Aim of the exercise — Take each line below that has "units" and copy it.

- - - -

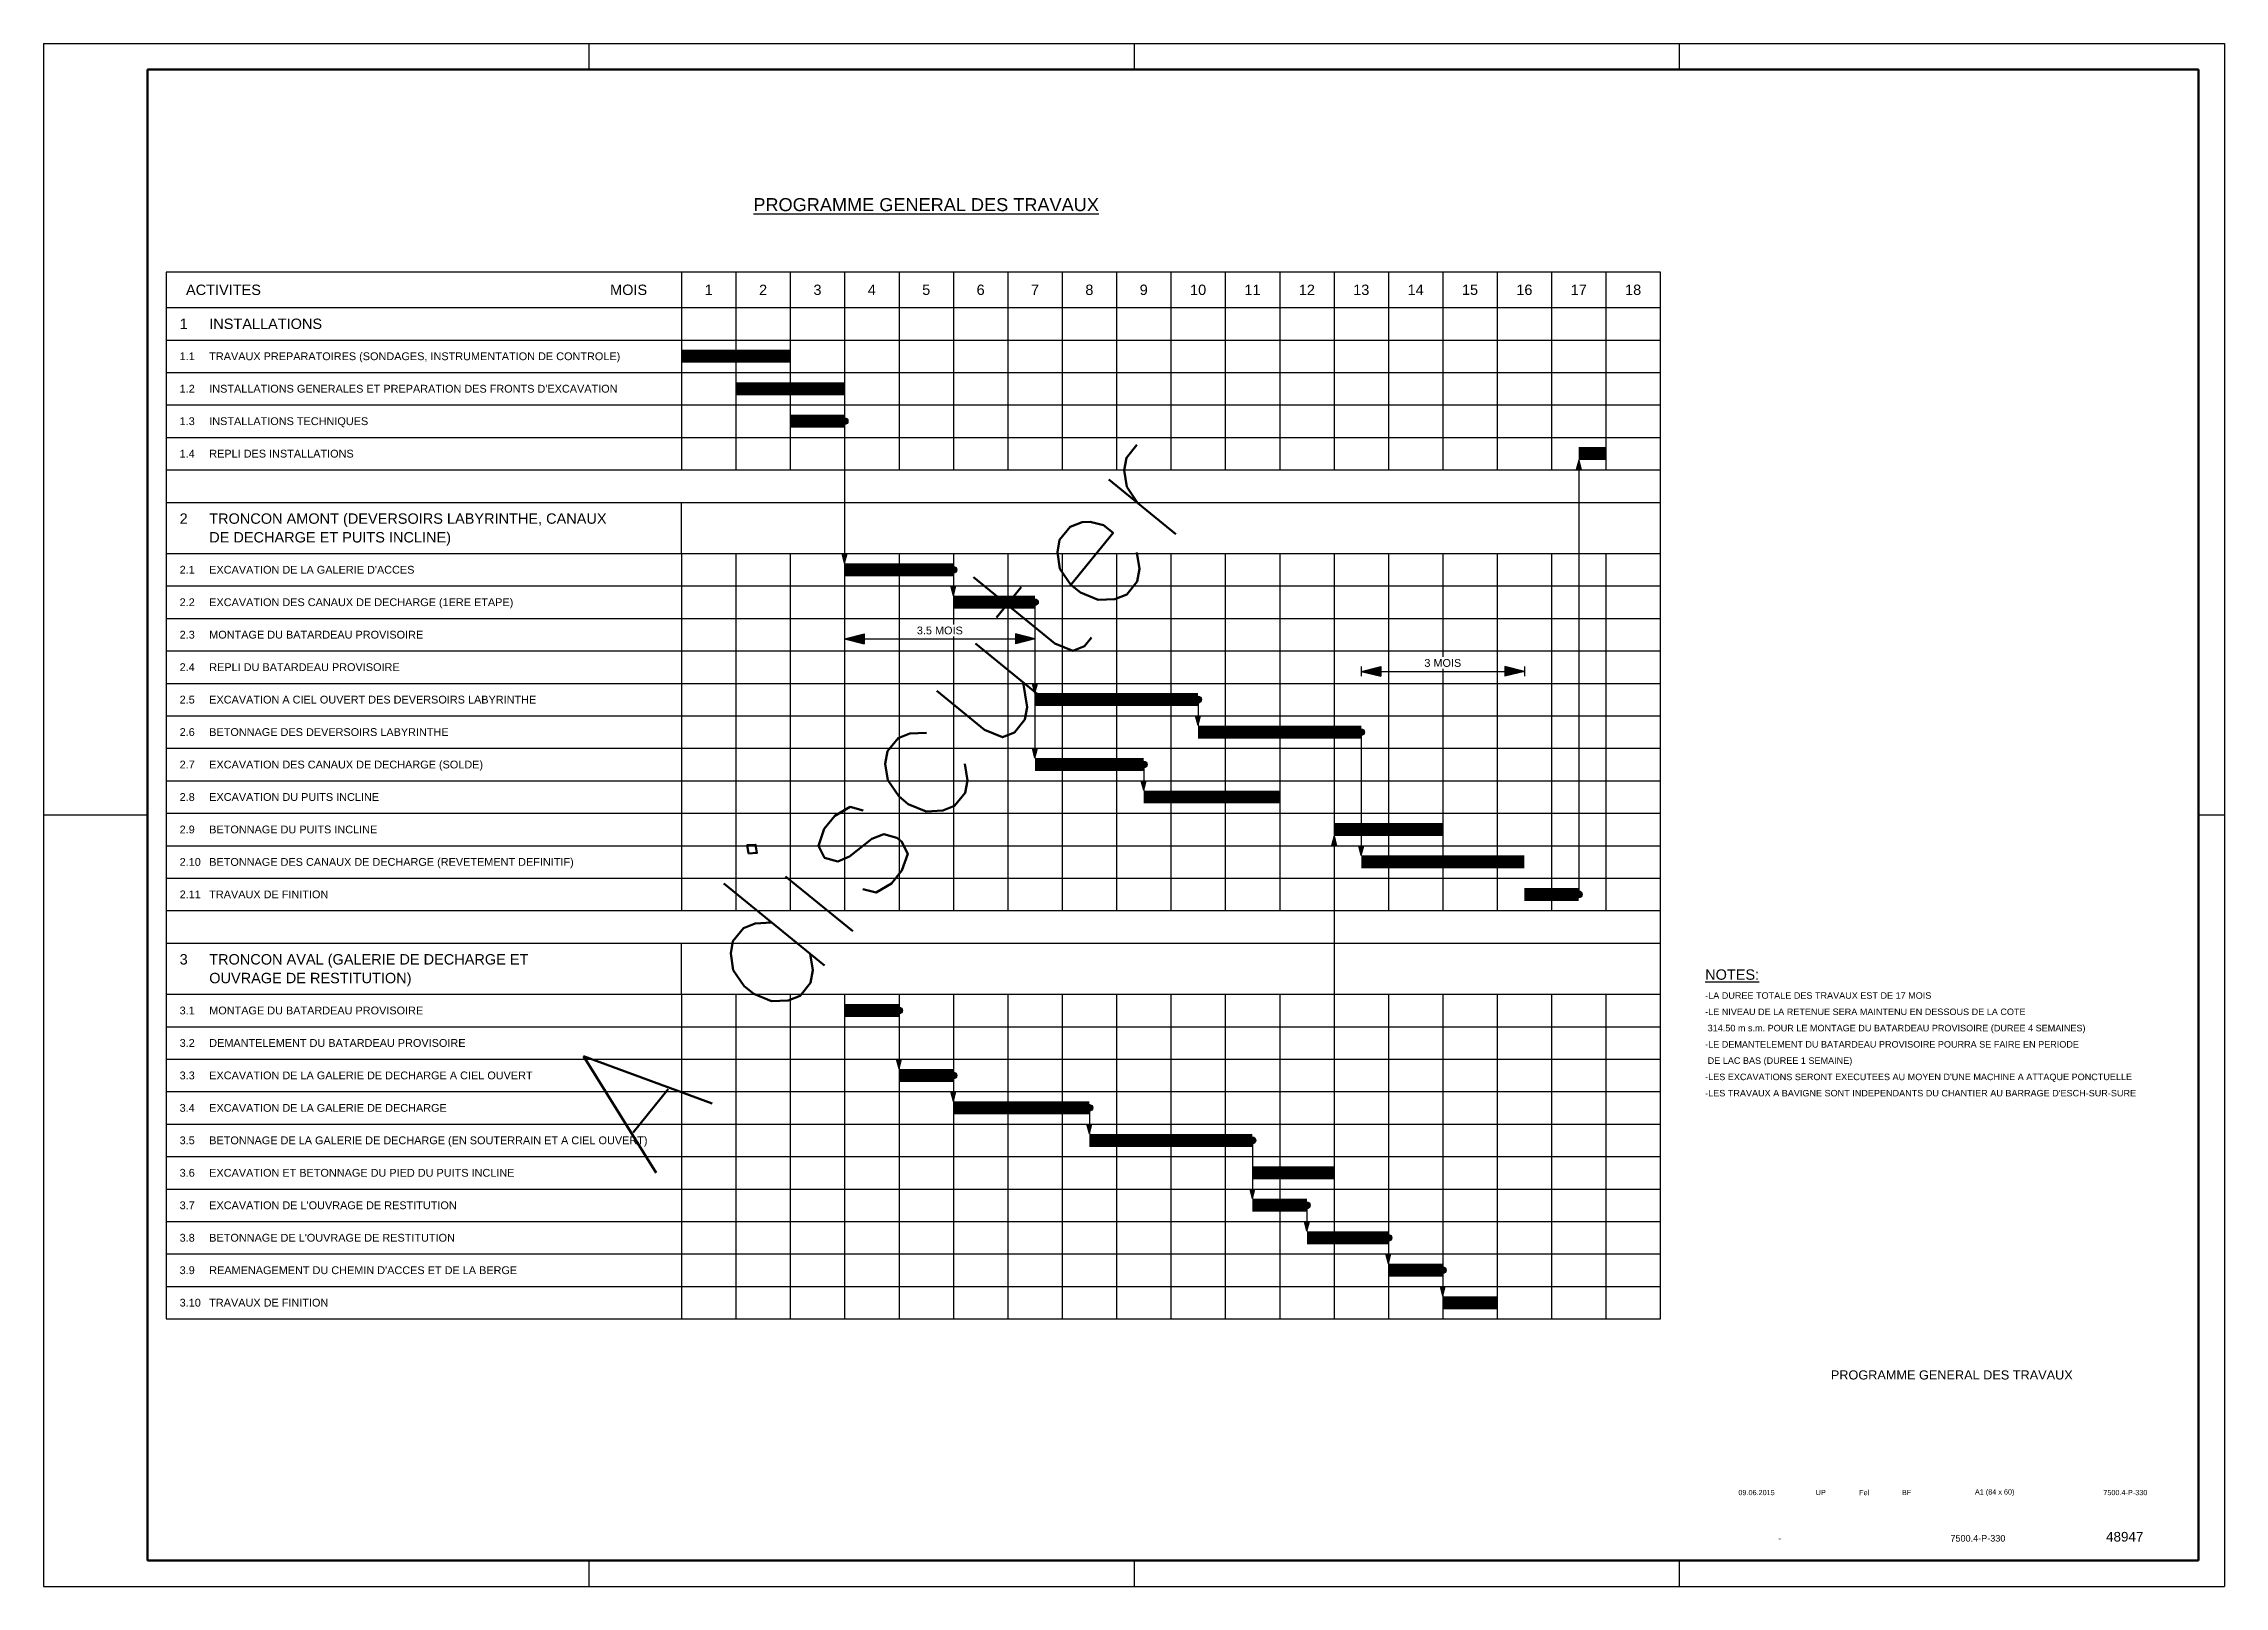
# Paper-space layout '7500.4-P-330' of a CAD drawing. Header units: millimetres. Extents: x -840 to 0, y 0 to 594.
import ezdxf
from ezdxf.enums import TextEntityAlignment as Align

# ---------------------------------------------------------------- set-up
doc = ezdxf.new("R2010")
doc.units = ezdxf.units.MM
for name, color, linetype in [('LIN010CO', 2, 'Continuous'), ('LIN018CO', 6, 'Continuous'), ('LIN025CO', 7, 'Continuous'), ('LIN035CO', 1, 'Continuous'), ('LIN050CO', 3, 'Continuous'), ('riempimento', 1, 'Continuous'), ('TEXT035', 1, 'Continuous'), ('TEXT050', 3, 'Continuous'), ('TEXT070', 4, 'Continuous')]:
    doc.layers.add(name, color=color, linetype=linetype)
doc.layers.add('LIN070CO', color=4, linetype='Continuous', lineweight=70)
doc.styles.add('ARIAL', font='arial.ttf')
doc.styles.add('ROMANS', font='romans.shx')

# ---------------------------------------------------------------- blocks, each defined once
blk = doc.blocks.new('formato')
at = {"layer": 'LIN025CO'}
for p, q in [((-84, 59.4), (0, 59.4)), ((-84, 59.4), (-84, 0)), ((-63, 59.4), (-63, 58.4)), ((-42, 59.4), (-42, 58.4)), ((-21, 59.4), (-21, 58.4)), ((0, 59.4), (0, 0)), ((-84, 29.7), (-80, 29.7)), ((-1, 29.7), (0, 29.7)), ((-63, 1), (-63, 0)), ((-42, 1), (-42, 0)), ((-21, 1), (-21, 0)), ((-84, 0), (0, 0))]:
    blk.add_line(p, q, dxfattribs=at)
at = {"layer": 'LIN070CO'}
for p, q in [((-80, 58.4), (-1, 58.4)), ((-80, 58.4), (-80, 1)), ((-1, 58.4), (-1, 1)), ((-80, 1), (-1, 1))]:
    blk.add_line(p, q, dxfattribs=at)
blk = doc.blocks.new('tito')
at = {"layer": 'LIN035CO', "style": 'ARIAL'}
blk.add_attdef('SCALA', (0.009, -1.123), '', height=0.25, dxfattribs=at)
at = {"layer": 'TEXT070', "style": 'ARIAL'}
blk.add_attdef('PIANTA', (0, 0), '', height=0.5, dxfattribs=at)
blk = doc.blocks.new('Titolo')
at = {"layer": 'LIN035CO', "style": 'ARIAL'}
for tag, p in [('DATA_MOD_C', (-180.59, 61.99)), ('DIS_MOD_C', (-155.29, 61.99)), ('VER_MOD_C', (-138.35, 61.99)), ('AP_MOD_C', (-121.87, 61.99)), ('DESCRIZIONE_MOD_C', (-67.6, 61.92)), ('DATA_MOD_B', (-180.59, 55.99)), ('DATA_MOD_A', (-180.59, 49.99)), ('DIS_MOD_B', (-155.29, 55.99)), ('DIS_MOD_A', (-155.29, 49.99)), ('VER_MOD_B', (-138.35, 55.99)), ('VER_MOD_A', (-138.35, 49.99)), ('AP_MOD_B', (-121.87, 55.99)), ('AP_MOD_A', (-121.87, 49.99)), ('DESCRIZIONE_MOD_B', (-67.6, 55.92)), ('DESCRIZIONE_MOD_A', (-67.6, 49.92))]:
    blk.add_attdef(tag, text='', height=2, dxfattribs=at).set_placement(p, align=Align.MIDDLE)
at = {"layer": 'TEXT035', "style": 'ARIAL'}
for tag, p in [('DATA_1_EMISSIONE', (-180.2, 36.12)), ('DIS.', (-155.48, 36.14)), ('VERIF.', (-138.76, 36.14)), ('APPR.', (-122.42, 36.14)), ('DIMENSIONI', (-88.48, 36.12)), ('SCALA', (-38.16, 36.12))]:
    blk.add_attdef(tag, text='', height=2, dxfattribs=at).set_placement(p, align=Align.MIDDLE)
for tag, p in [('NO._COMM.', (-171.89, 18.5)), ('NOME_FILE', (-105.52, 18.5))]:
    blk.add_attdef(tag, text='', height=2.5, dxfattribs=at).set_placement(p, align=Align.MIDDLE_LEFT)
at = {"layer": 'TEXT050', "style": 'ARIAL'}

- - - -

Your response —
# Paper-space layout '7500.4-P-330' of a CAD drawing. Header units: millimetres. Extents: x -840 to 0, y 0 to 594.
doc.units = ezdxf.units.MM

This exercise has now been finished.